Can you imagine a world where there are thousands upon thousands of people that have CPUs that came out 2, 3, 4 or 5 years ago?  They might want to upgrade.  Some might want to optimize to the max.  Perhaps even buying perfectly tuned RAM with the new "in thing", a Ryzen 5000 series CPU.

Granted, the difference for you would be minimal, but I'm going to go out on a limb and guess that those that have a 9900K are a minority of the entire PC gaming space.


----------



## TheoneandonlyMrK (Nov 18, 2020)

birdie said:


> TLDR:
> 
> Just buy ... NVIDIA. Even 3-5 years from now you'll be able to play the most demanding titles thanks to DLSS just by lowering resolution.


There fixed that for you.


Moving on from infinity cache trashers that just got schooled by reality.


Great release ,I'm calling it a draw@Earthdog.


----------



## RedelZaVedno (Nov 18, 2020)

Foobario said:


> As for the performance disparity between the 6800xt and 3080, this review favors the 3080 far more than the other five reviews I've read.
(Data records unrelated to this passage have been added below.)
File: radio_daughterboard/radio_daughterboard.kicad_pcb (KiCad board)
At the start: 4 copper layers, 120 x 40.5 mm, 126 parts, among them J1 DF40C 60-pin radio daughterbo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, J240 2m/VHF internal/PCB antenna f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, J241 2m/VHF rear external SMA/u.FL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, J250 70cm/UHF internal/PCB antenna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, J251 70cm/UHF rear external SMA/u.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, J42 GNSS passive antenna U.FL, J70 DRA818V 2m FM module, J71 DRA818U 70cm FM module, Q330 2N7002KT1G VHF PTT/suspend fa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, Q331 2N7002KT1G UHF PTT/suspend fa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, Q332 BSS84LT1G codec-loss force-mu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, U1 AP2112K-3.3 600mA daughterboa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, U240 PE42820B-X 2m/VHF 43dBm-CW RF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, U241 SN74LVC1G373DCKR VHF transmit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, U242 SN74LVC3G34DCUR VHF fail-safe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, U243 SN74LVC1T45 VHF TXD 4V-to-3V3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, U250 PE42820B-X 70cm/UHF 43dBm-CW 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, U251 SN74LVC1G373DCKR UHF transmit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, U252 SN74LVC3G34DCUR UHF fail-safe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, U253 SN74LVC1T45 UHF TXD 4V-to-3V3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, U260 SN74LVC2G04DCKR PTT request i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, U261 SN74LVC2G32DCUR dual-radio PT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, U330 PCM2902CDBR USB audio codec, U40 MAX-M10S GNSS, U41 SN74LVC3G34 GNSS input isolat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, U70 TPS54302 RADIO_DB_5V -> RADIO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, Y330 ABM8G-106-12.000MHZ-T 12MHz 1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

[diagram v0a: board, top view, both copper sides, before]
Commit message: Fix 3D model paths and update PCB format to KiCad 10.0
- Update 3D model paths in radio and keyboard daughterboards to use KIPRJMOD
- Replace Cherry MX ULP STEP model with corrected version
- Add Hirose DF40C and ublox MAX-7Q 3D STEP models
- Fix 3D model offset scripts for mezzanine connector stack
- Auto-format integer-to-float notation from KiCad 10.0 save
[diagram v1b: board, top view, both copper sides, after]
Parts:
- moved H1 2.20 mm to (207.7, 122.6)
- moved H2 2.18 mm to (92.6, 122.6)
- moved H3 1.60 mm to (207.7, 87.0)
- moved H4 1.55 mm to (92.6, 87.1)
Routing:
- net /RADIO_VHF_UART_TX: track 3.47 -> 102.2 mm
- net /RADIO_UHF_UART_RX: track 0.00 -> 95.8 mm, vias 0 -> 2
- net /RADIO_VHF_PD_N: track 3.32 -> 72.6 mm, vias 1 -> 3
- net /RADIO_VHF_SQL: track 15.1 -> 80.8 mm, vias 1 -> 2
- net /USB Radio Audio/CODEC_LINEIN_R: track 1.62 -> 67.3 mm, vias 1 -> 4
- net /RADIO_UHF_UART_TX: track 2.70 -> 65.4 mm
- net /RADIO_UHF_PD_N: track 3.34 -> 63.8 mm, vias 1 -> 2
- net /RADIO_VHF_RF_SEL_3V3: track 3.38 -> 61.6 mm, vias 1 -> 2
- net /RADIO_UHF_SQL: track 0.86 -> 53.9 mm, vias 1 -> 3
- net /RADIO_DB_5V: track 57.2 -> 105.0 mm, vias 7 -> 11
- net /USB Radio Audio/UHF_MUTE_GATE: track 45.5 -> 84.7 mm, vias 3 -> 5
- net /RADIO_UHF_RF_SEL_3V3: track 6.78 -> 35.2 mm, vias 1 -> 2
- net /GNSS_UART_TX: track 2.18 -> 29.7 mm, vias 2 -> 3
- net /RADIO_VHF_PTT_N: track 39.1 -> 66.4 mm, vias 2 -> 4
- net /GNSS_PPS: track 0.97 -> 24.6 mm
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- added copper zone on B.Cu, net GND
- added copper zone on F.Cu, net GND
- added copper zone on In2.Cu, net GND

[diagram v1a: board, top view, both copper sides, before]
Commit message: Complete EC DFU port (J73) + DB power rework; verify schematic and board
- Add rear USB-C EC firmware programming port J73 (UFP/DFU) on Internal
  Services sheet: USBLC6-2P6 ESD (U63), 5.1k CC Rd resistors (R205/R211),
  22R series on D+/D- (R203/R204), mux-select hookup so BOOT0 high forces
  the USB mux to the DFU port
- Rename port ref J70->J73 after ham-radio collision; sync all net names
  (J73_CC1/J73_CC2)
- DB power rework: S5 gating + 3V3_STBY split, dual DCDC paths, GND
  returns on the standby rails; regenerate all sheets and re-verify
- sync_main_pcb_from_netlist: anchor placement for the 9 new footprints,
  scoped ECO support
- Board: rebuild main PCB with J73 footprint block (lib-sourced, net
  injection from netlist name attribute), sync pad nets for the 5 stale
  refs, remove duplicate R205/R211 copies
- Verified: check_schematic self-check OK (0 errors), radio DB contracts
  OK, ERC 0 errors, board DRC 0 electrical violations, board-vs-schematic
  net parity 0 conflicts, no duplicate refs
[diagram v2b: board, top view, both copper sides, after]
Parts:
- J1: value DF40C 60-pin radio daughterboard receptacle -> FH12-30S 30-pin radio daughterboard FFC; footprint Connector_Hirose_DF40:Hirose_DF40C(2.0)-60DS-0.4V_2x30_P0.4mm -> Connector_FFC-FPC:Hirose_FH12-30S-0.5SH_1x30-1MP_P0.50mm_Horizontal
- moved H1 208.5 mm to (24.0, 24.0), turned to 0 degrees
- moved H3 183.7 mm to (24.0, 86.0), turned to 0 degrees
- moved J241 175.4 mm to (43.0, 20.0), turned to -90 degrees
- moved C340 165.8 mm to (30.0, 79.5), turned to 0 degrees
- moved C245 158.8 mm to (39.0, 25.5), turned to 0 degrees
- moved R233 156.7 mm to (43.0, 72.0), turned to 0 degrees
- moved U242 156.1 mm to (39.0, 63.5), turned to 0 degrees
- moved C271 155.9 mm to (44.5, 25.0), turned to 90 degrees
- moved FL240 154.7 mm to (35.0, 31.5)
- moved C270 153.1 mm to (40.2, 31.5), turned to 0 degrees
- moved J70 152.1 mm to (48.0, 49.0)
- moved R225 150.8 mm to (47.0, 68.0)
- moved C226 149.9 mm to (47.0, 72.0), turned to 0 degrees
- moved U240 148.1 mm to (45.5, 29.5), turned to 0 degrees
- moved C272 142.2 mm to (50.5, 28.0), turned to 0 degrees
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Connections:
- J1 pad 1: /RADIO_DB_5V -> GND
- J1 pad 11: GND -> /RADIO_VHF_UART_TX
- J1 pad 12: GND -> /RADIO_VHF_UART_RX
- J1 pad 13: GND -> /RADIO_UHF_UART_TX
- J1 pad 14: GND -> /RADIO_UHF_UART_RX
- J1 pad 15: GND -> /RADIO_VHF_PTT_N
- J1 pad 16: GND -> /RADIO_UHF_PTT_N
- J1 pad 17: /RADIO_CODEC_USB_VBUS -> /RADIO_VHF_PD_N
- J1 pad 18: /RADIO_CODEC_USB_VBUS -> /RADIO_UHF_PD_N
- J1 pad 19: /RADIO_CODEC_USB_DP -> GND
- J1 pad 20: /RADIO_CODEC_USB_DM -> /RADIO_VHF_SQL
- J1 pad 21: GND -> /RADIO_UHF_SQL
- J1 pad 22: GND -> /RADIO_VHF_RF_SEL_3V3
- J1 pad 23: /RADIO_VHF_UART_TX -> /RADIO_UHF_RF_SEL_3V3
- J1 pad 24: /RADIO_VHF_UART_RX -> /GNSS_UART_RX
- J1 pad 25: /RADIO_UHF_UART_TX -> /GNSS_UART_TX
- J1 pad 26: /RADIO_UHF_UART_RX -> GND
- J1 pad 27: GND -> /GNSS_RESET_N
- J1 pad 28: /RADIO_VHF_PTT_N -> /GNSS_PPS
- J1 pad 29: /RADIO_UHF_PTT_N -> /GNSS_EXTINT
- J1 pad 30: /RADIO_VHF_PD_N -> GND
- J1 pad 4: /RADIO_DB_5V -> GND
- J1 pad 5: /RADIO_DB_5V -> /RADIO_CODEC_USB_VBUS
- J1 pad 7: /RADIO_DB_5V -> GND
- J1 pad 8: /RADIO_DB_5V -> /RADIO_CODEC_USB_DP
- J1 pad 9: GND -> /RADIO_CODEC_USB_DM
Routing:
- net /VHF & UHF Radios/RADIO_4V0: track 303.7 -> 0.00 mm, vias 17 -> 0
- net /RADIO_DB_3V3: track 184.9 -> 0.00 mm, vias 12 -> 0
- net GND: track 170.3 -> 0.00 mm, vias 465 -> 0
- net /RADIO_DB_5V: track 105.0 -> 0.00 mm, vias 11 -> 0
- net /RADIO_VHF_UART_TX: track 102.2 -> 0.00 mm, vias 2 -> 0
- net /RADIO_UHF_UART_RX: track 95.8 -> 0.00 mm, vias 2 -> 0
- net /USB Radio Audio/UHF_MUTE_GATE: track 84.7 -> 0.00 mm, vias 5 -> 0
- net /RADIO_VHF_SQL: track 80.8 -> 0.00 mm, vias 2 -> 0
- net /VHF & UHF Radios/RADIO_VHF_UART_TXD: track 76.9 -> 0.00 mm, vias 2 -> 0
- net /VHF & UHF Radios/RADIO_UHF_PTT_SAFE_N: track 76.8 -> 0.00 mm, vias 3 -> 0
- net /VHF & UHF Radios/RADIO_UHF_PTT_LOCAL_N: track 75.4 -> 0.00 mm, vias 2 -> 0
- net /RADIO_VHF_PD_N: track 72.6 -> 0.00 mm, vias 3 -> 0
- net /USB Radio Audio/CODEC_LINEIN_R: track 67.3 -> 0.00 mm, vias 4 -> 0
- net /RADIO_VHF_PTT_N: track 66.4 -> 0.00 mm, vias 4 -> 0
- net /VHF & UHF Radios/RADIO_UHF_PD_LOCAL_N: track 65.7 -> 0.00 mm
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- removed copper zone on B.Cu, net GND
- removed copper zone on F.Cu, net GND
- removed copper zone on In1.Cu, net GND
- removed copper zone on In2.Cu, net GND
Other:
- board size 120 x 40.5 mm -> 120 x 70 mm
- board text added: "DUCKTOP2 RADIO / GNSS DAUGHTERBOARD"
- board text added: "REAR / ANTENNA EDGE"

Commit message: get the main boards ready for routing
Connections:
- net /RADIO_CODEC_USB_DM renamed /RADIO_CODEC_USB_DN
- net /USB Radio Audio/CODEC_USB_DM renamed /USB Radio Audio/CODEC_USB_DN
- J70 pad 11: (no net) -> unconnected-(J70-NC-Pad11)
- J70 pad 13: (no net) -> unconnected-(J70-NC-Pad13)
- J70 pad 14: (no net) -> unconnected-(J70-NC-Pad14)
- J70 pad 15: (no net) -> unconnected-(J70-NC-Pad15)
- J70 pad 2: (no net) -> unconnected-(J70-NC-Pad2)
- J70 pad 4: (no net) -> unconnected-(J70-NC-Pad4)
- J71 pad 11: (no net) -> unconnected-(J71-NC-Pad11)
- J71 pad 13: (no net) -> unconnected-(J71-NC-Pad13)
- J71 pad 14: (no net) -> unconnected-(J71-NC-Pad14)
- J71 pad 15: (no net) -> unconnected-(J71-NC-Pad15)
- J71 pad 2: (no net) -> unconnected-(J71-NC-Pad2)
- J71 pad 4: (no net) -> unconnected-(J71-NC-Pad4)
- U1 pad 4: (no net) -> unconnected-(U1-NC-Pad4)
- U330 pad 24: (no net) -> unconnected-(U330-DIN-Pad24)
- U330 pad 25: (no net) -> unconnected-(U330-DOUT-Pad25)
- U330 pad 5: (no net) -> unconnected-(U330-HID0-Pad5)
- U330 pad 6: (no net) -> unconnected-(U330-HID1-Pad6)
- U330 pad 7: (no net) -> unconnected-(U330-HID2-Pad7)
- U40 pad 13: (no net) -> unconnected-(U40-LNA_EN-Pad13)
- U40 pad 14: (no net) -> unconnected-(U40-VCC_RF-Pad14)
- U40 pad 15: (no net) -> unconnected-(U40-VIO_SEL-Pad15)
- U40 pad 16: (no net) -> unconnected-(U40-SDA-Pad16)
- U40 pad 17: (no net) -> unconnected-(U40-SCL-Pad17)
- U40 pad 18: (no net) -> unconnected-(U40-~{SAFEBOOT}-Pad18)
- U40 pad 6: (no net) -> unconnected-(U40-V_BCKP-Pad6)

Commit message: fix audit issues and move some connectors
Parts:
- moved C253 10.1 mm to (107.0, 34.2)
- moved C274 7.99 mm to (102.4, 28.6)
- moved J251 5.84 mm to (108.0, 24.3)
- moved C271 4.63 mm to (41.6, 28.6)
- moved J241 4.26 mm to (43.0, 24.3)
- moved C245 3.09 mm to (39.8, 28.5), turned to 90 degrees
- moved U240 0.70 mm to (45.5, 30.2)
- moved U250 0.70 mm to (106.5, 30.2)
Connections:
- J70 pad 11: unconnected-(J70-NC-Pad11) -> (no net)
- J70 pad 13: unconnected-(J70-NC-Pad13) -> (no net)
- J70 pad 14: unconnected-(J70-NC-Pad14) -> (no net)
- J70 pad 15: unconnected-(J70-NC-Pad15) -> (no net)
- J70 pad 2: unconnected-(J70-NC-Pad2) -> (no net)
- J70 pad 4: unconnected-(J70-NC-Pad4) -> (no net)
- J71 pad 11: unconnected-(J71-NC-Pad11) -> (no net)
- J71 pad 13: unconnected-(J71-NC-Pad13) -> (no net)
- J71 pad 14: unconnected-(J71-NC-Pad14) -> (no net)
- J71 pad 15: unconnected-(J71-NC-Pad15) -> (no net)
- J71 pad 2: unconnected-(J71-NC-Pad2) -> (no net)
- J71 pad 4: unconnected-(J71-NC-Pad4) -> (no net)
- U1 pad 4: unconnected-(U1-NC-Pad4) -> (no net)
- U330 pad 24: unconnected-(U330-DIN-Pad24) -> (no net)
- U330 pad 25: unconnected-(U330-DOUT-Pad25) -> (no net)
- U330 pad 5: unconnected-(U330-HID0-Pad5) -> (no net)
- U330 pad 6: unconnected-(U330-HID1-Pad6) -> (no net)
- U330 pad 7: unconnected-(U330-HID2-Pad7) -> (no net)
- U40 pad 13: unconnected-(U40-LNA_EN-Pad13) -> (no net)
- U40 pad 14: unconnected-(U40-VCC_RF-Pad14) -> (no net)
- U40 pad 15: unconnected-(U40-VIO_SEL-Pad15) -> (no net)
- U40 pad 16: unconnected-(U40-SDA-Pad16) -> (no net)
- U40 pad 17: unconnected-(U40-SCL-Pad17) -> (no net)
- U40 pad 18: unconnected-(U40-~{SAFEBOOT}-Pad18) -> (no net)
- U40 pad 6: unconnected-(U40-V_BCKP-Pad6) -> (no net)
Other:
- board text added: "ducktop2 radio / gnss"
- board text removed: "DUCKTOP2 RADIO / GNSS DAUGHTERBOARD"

Sure, if you are one of the five people in the world that play Anno 1800, Nvidia is the way to go, no doubt. At least two of the other games in this review I've never heard of. From the looks of it, the games are so obscure that AMD hasn't even bothered to create drivers for them. Yet they were included in this review only to skew results in Nvidia's favor as it seems the author knows his audience here. This message board seems to have more delusional Green kool aid drinkers than most.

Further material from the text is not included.